Pull every line of the entries that has the word "length".

- - - -

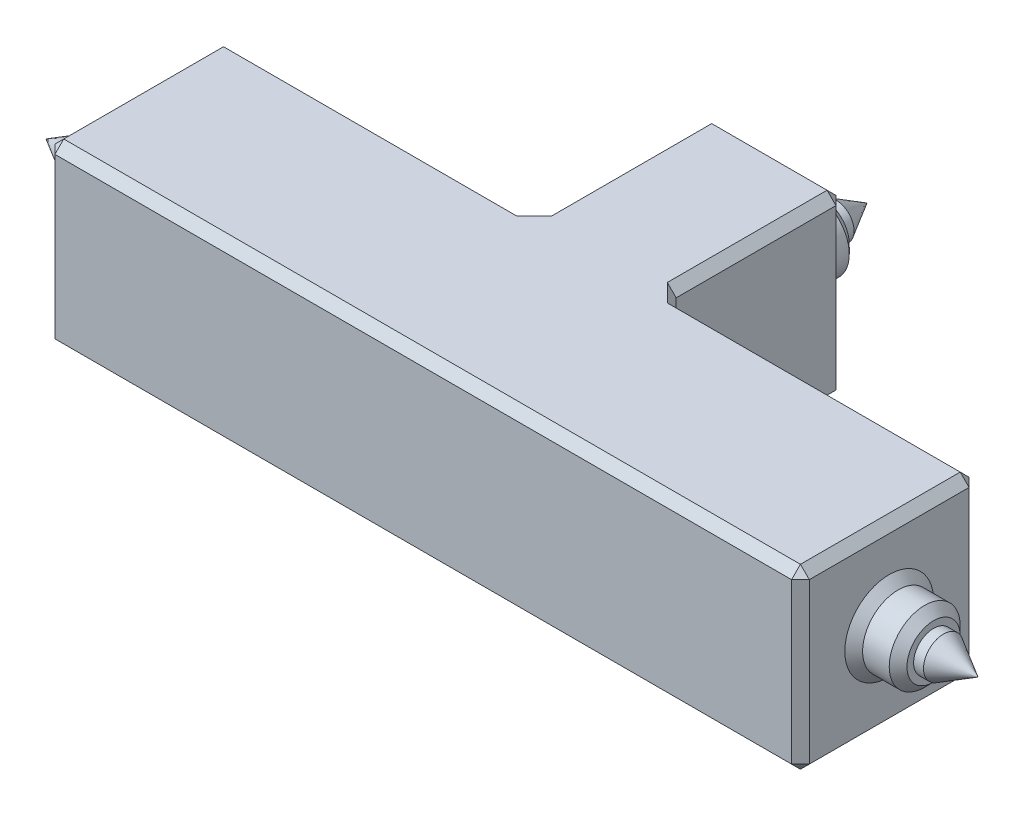
from build123d import *

# Parameters (mm, degrees)
BOSS_EXTRUDE1_DEPTH = 20
SKETCH2_R           = 4
SKETCH2_R_2         = 2
BOSS_EXTRUDE2_DEPTH = 5
SKETCH2_4_R         = 2
BOSS_EXTRUDE3_DEPTH = 10
SKETCH3_R           = 4
SKETCH3_R_2         = 1.75
BOSS_EXTRUDE4_DEPTH = 5
SKETCH3_2_R         = 1.75
BOSS_EXTRUDE5_DEPTH = 10
BOSS_EXTRUDE6_START = 5
SKETCH4_R           = 4
SKETCH4_R_2         = 2.25
BOSS_EXTRUDE6_DEPTH = 5
BOSS_EXTRUDE7_START = 10
SKETCH4_2_R         = 2.25
BOSS_EXTRUDE7_DEPTH = 10
CHAMFER1_SIZE       = 3.03
CHAMFER1_SIZE2      = 1.749371316
CHAMFER2_SIZE       = 3.46
CHAMFER2_SIZE2      = 1.997631931
CHAMFER3_SIZE       = 3.89
CHAMFER3_SIZE2      = 2.245892547
CHAMFER4_SIZE       = 1


with BuildPart() as part:
    # Sketch1 → Boss-Extrude1 (new body)
    with BuildSketch(Plane(origin=(0, 0, 0), x_dir=(1, 0, 0), z_dir=(0, 1, 0))):
        Polygon((-42.5, 0), (-42.5, -20), (42.5, -20), (42.5, 0), (7.5, 0), (7.5, 20), (-7.5, 20), (-7.5, 0), align=None)
    extrude(amount=BOSS_EXTRUDE1_DEPTH)

    # Sketch2 → Boss-Extrude2 (add)
    with BuildSketch(Plane(origin=(0, 0, -20), x_dir=(-1, 0, 0), z_dir=(0, 0, -1))):
        with Locations((0, 10)):
            Circle(SKETCH2_R)
        with Locations((0, 10)):
            Circle(SKETCH2_R_2, mode=Mode.SUBTRACT)
    extrude(amount=BOSS_EXTRUDE2_DEPTH)

    # Sketch2<4> → Boss-Extrude3 (add)
    with BuildSketch(Plane(origin=(0, 0, -20), x_dir=(-1, 0, 0), z_dir=(0, 0, -1))):
        with Locations((0, 10)):
            Circle(SKETCH2_4_R)
    extrude(amount=BOSS_EXTRUDE3_DEPTH)

    # Sketch3 → Boss-Extrude4 (add)
    with BuildSketch(Plane.ZY.offset(42.5)):
        with Locations((10, 10)):
            Circle(SKETCH3_R)
        with Locations((10, 10)):
            Circle(SKETCH3_R_2, mode=Mode.SUBTRACT)
    extrude(amount=BOSS_EXTRUDE4_DEPTH)

    # Sketch3<2> → Boss-Extrude5 (add)
    with BuildSketch(Plane.ZY.offset(42.5)):
        with Locations((10, 10)):
            Circle(SKETCH3_2_R)
    extrude(amount=BOSS_EXTRUDE5_DEPTH)

    # Sketch4 → Boss-Extrude6 (add)
    with BuildSketch(Plane(origin=(42.5, 0, 0), x_dir=(0, 0, -1), z_dir=(1, 0, 0)).offset(BOSS_EXTRUDE6_START)):
        with Locations((-10, 10)):
            Circle(SKETCH4_R)
        with Locations((-10, 10)):
            Circle(SKETCH4_R_2, mode=Mode.SUBTRACT)
    extrude(amount=-BOSS_EXTRUDE6_DEPTH)

    # Sketch4<2> → Boss-Extrude7 (add)
    with BuildSketch(Plane(origin=(42.5, 0, 0), x_dir=(0, 0, -1), z_dir=(1, 0, 0)).offset(BOSS_EXTRUDE7_START)):
        with Locations((-10, 10)):
            Circle(SKETCH4_2_R)
    extrude(amount=-BOSS_EXTRUDE7_DEPTH)

    # Chamfer1
    chamfer1_edges = [part.edges().sort_by_distance(p)[0] for p in [
        (-52.5, 10, 8.25),
    ]]
    chamfer1_side = [part.faces().sort_by_distance(p)[0] for p in [
        (-50, 10, 8.25),
    ]]
    chamfer(chamfer1_edges, length=CHAMFER1_SIZE, length2=CHAMFER1_SIZE2, reference=chamfer1_side[0])

    # Chamfer2
    chamfer2_edges = [part.edges().sort_by_distance(p)[0] for p in [
        (2, 10, -30),
    ]]
    chamfer2_side = [part.faces().sort_by_distance(p)[0] for p in [
        (2, 10, -27.5),
    ]]
    chamfer(chamfer2_edges, length=CHAMFER2_SIZE, length2=CHAMFER2_SIZE2, reference=chamfer2_side[0])

    # Chamfer3
    chamfer3_edges = [part.edges().sort_by_distance(p)[0] for p in [
        (52.5, 10, 12.25),
    ]]
    chamfer3_side = [part.faces().sort_by_distance(p)[0] for p in [
        (50, 10, 12.25),
    ]]
    chamfer(chamfer3_edges, length=CHAMFER3_SIZE, length2=CHAMFER3_SIZE2, reference=chamfer3_side[0])

    # Chamfer4
    chamfer4_edges = [part.edges().sort_by_distance(p)[0] for p in [
        (42.5, 10, 14),
        (47.5, 10, 14),
        (4, 10, -20),
        (4, 10, -25),
        (-42.5, 10, 6),
        (-47.5, 10, 6),
        (-42.5, 10, 20),
        (42.5, 10, 20),
        (7.5, 10, -20),
        (42.5, 10, 0),
        (7.5, 10, 0),
        (42.5, 0, 10),
        (25, 0, 0),
        (7.5, 0, -10),
        (0, 0, -20),
        (0, 0, 20),
        (-42.5, 0, 10),
        (-7.5, 10, -20),
        (-7.5, 0, -10),
        (-7.5, 10, 0),
        (-25, 0, 0),
        (-42.5, 10, 0),
        (-42.5, 20, 10),
        (-25, 20, 0),
        (-7.5, 20, -10),
        (0, 20, -20),
        (7.5, 20, -10),
        (25, 20, 0),
        (42.5, 20, 10),
        (0, 20, 20),
    ]]
    chamfer(chamfer4_edges, length=CHAMFER4_SIZE)


solid = part.part

- - - -

● Task answer
    chamfer(chamfer1_edges, length=CHAMFER1_SIZE, length2=CHAMFER1_SIZE2, reference=chamfer1_side[0])
    chamfer(chamfer2_edges, length=CHAMFER2_SIZE, length2=CHAMFER2_SIZE2, reference=chamfer2_side[0])
    chamfer(chamfer3_edges, length=CHAMFER3_SIZE, length2=CHAMFER3_SIZE2, reference=chamfer3_side[0])
    chamfer(chamfer4_edges, length=CHAMFER4_SIZE)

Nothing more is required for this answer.